● **INSTRUCTIONS FOR THE TASK**: All pictures are to be excluded when the data below is output verbatim.

======

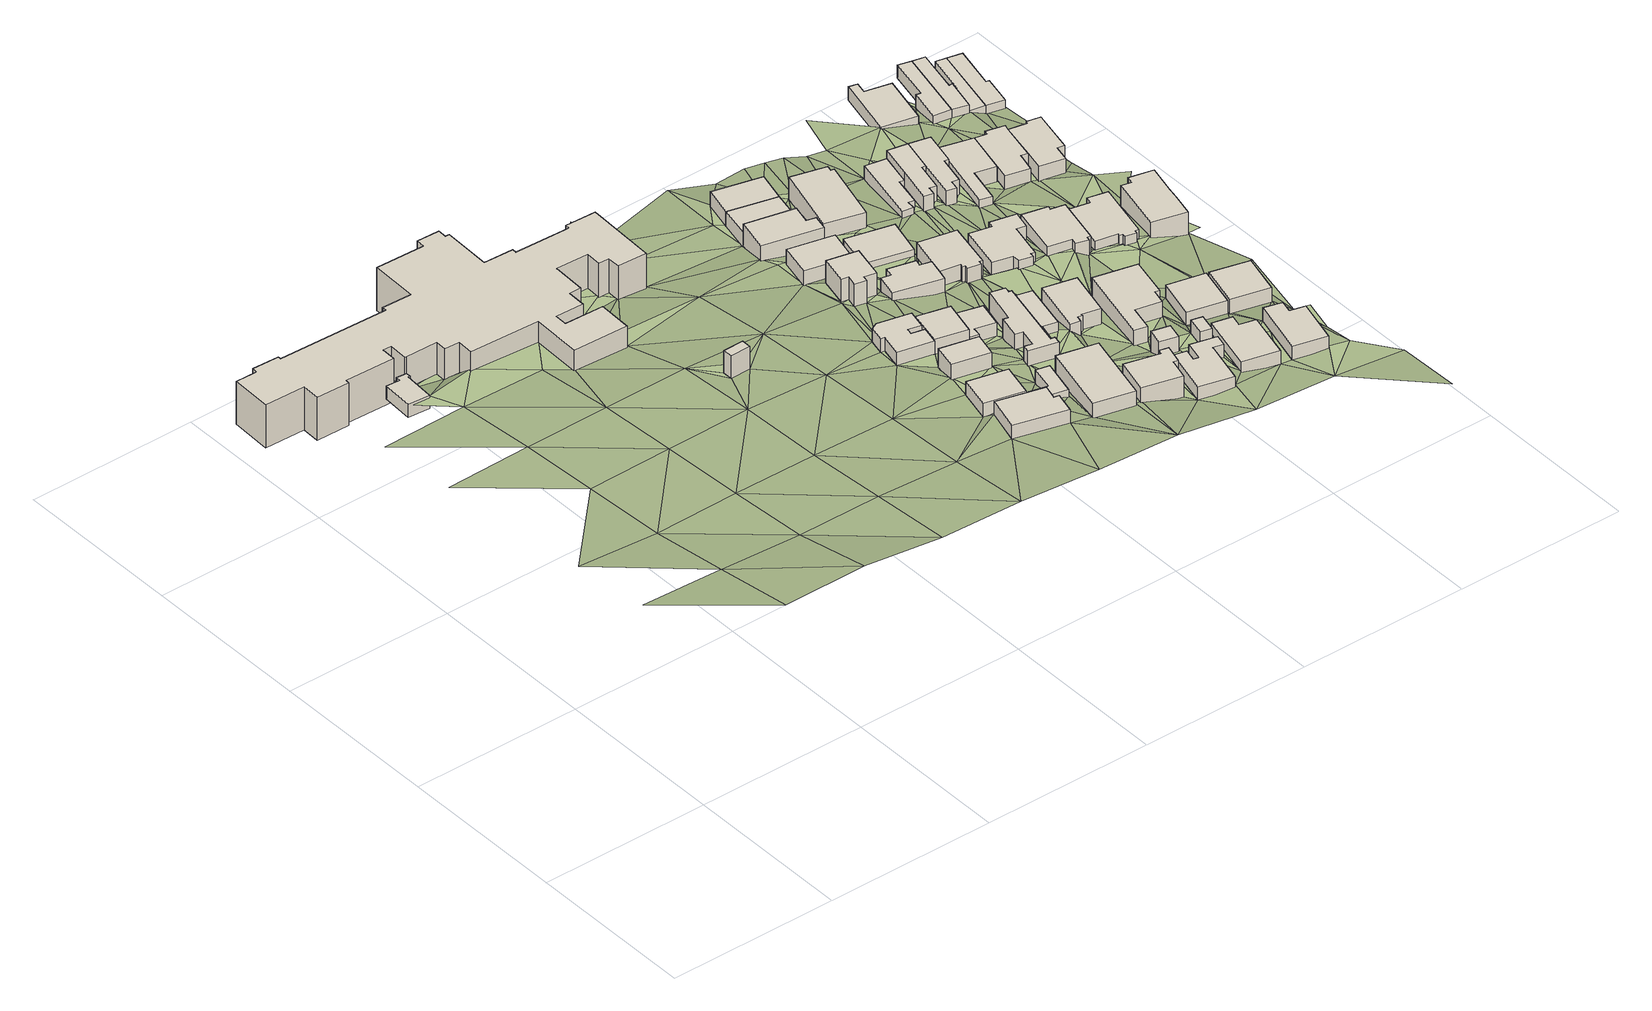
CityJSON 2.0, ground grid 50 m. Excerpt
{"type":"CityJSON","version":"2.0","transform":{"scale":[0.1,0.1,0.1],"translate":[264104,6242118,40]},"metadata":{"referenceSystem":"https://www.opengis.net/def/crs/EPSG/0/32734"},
"CityObjects":{
"building1":{"type":"Building","attributes":{"building":"school","building:levels":"1","footprint":{"type":"Polygon"},"plus_code":"C5XXXQXJ+XHW","ground_height":53.43,"building_height":4.1,"roof_height":57.53},"geometry":[{"type":"Solid","lod":"1","boundaries":[[[[0,1,2,3]],[[1,4,5,2]],[[4,6,7,5]],[[6,8,9,7]],[[8,10,11,9]],[[10,12,13,11]],[[12,14,15,13]],[[14,16,17,15]],[[16,0,3,17]],[[3,2,5,7,9,11,13,15,17]],[[16,14,12,10,8,6,4,1,0]]]]}]},
"building2":{"type":"Building","attributes":{"building":"school","building:levels":"3","footprint":{"type":"Polygon"},"plus_code":"C8X2X3XG+XJR","ground_height":52.92,"building_height":9.7,"roof_height":62.62},"geometry":[{"type":"Solid","lod":"1","boundaries":[[[[18,19,3,20,21,2]],[[19,22,23,20,3]],[[22,24,25,23]],[[24,26,27,25]],[[26,28,29,27]],[[28,30,31,29]],[[30,32,33,31]],[[32,34,35,33]],[[34,36,37,35]],[[36,38,39,37]],[[38,40,41,39]],[[40,42,43,41]],[[42,44,45,43]],[[44,46,47,45]],[[46,48,49,47]],[[48,50,51,49]],[[50,52,53,51]],[[52,54,55,53]],[[54,56,57,55]],[[56,58,59,57]],[[58,60,61,59]],[[60,62,63,61]],[[62,64,65,63]],[[64,66,67,65]],[[66,68,69,67]],[[68,70,71,69]],[[70,72,73,71]],[[72,74,75,73]],[[74,76,77,75]],[[76,78,79,77]],[[78,80,81,79]],[[80,82,83,81]],[[82,84,85,83]],[[84,86,87,85]],[[86,88,89,87]],[[88,90,91,89]],[[90,92,93,91]],[[92,94,95,93]],[[94,96,97,95]],[[96,98,99,97]],[[98,100,101,99]],[[100,102,103,101]],[[102,104,105,103]],[[104,106,107,105]],[[106,108,109,107]],[[108,110,111,109]],[[110,112,113,111]],[[112,114,115,113]],[[114,18,2,21,115]],[[21,20,23,25,27,29,31,33,35,37,39,41,43,45,47,49,51,53,55,57,59,61,63,65,67,69,71,73,75,77,79,81,83,85,87,89,91,93,95,97,99,101,103,105,107,109,111,113,115]],[[114,112,110,108,106,104,102,100,98,96,94,92,90,88,86,84,82,80,78,76,74,72,70,68,66,64,62,60,58,56,54,52,50,48,46,44,42,40,38,36,34,32,30,28,26,24,22,19,18]]]]}]},
"building3":{"type":"Building","attributes":{"address":"107 Mountain Road Woodstock Cape Town","building":"office","building:levels":"2","footprint":{"type":"Polygon"},"plus_code":"C9X7XHXH+XFV","ground_height":60.04,"building_height":6.9,"roof_height":66.94},"geometry":[{"type":"Solid","lod":"1","boundaries":[[[[116,117,118,119]],[[117,120,121,118]],[[120,122,123,121]],[[122,116,119,123]],[[119,118,121,123]],[[122,120,117,116]]]]}]},
"building4":{"type":"Building","attributes":{"address":"113 Mountain Road Woodstock Cape Town","building":"house","building:levels":"1","footprint":{"type":"Polygon"},"plus_code":"CFX9XHXG+X7X","ground_height":62.01,"building_height":4.1,"roof_height":66.11},"geometry":[{"type":"Solid","lod":"1","boundaries":[[[[124,125,126,127]],[[125,128,129,126]],[[128,130,131,129]],[[130,132,133,131]],[[132,134,135,133]],[[134,124,127,135]],[[127,126,129,131,133,135]],[[134,132,130,128,125,124]]]]}]},
"building5":{"type":"Building","attributes":{"address":"111 Mountain Road Woodstock Cape Town","building":"house","building:levels":"1","footprint":{"type":"Polygon"},"plus_code":"CFX9XMX2+X7W","ground_height":60.05,"building_height":4.1,"roof_height":64.15},"geometry":[{"type":"Solid","lod":"1","boundaries":[[[[136,137,138,139]],[[137,140,141,138]],[[140,142,143,141]],[[142,136,139,143]],[[139,138,141,143]],[[142,140,137,136]]]]}]},
"building6":{"type":"Building","attributes":{"address":"107 Mountain Road Woodstock Cape Town","building":"yes","building:levels":"1","footprint":{"type":"Polygon"},"plus_code":"CFX5X6XV+XGR","ground_height":58.37,"building_height":4.1,"roof_height":62.47},"geometry":[{"type":"Solid","lod":"1","boundaries":[[[[144,145,146,147]],[[145,148,149,146]],[[148,150,151,149]],[[150,152,153,151]],[[152,154,155,153]],[[154,156,157,155]],[[156,158,159,157]],[[158,160,161,159]],[[160,162,163,161]],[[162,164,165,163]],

======

● **WORKED SOLUTION**:
CityJSON 2.0, ground grid 50 m. Excerpt
{"type":"CityJSON","version":"2.0","transform":{"scale":[0.1,0.1,0.1],"translate":[264104,6242118,40]},"metadata":{"referenceSystem":"https://www.opengis.net/def/crs/EPSG/0/32734"},
"CityObjects":{
"building1":{"type":"Building","attributes":{"building":"school","building:levels":"1","footprint":{"type":"Polygon"},"plus_code":"C5XXXQXJ+XHW","ground_height":53.43,"building_height":4.1,"roof_height":57.53},"geometry":[{"type":"Solid","lod":"1","boundaries":[[[[0,1,2,3]],[[1,4,5,2]],[[4,6,7,5]],[[6,8,9,7]],[[8,10,11,9]],[[10,12,13,11]],[[12,14,15,13]],[[14,16,17,15]],[[16,0,3,17]],[[3,2,5,7,9,11,13,15,17]],[[16,14,12,10,8,6,4,1,0]]]]}]},
"building2":{"type":"Building","attributes":{"building":"school","building:levels":"3","footprint":{"type":"Polygon"},"plus_code":"C8X2X3XG+XJR","ground_height":52.92,"building_height":9.7,"roof_height":62.62},"geometry":[{"type":"Solid","lod":"1","boundaries":[[[[18,19,3,20,21,2]],[[19,22,23,20,3]],[[22,24,25,23]],[[24,26,27,25]],[[26,28,29,27]],[[28,30,31,29]],[[30,32,33,31]],[[32,34,35,33]],[[34,36,37,35]],[[36,38,39,37]],[[38,40,41,39]],[[40,42,43,41]],[[42,44,45,43]],[[44,46,47,45]],[[46,48,49,47]],[[48,50,51,49]],[[50,52,53,51]],[[52,54,55,53]],[[54,56,57,55]],[[56,58,59,57]],[[58,60,61,59]],[[60,62,63,61]],[[62,64,65,63]],[[64,66,67,65]],[[66,68,69,67]],[[68,70,71,69]],[[70,72,73,71]],[[72,74,75,73]],[[74,76,77,75]],[[76,78,79,77]],[[78,80,81,79]],[[80,82,83,81]],[[82,84,85,83]],[[84,86,87,85]],[[86,88,89,87]],[[88,90,91,89]],[[90,92,93,91]],[[92,94,95,93]],[[94,96,97,95]],[[96,98,99,97]],[[98,100,101,99]],[[100,102,103,101]],[[102,104,105,103]],[[104,106,107,105]],[[106,108,109,107]],[[108,110,111,109]],[[110,112,113,111]],[[112,114,115,113]],[[114,18,2,21,115]],[[21,20,23,25,27,29,31,33,35,37,39,41,43,45,47,49,51,53,55,57,59,61,63,65,67,69,71,73,75,77,79,81,83,85,87,89,91,93,95,97,99,101,103,105,107,109,111,113,115]],[[114,112,110,108,106,104,102,100,98,96,94,92,90,88,86,84,82,80,78,76,74,72,70,68,66,64,62,60,58,56,54,52,50,48,46,44,42,40,38,36,34,32,30,28,26,24,22,19,18]]]]}]},
"building3":{"type":"Building","attributes":{"address":"107 Mountain Road Woodstock Cape Town","building":"office","building:levels":"2","footprint":{"type":"Polygon"},"plus_code":"C9X7XHXH+XFV","ground_height":60.04,"building_height":6.9,"roof_height":66.94},"geometry":[{"type":"Solid","lod":"1","boundaries":[[[[116,117,118,119]],[[117,120,121,118]],[[120,122,123,121]],[[122,116,119,123]],[[119,118,121,123]],[[122,120,117,116]]]]}]},
"building4":{"type":"Building","attributes":{"address":"113 Mountain Road Woodstock Cape Town","building":"house","building:levels":"1","footprint":{"type":"Polygon"},"plus_code":"CFX9XHXG+X7X","ground_height":62.01,"building_height":4.1,"roof_height":66.11},"geometry":[{"type":"Solid","lod":"1","boundaries":[[[[124,125,126,127]],[[125,128,129,126]],[[128,130,131,129]],[[130,132,133,131]],[[132,134,135,133]],[[134,124,127,135]],[[127,126,129,131,133,135]],[[134,132,130,128,125,124]]]]}]},
"building5":{"type":"Building","attributes":{"address":"111 Mountain Road Woodstock Cape Town","building":"house","building:levels":"1","footprint":{"type":"Polygon"},"plus_code":"CFX9XMX2+X7W","ground_height":60.05,"building_height":4.1,"roof_height":64.15},"geometry":[{"type":"Solid","lod":"1","boundaries":[[[[136,137,138,139]],[[137,140,141,138]],[[140,142,143,141]],[[142,136,139,143]],[[139,138,141,143]],[[142,140,137,136]]]]}]},
"building6":{"type":"Building","attributes":{"address":"107 Mountain Road Woodstock Cape Town","building":"yes","building:levels":"1","footprint":{"type":"Polygon"},"plus_code":"CFX5X6XV+XGR","ground_height":58.37,"building_height":4.1,"roof_height":62.47},"geometry":[{"type":"Solid","lod":"1","boundaries":[[[[144,145,146,147]],[[145,148,149,146]],[[148,150,151,149]],[[150,152,153,151]],[[152,154,155,153]],[[154,156,157,155]],[[156,158,159,157]],[[158,160,161,159]],[[160,162,163,161]],[[162,164,165,163]],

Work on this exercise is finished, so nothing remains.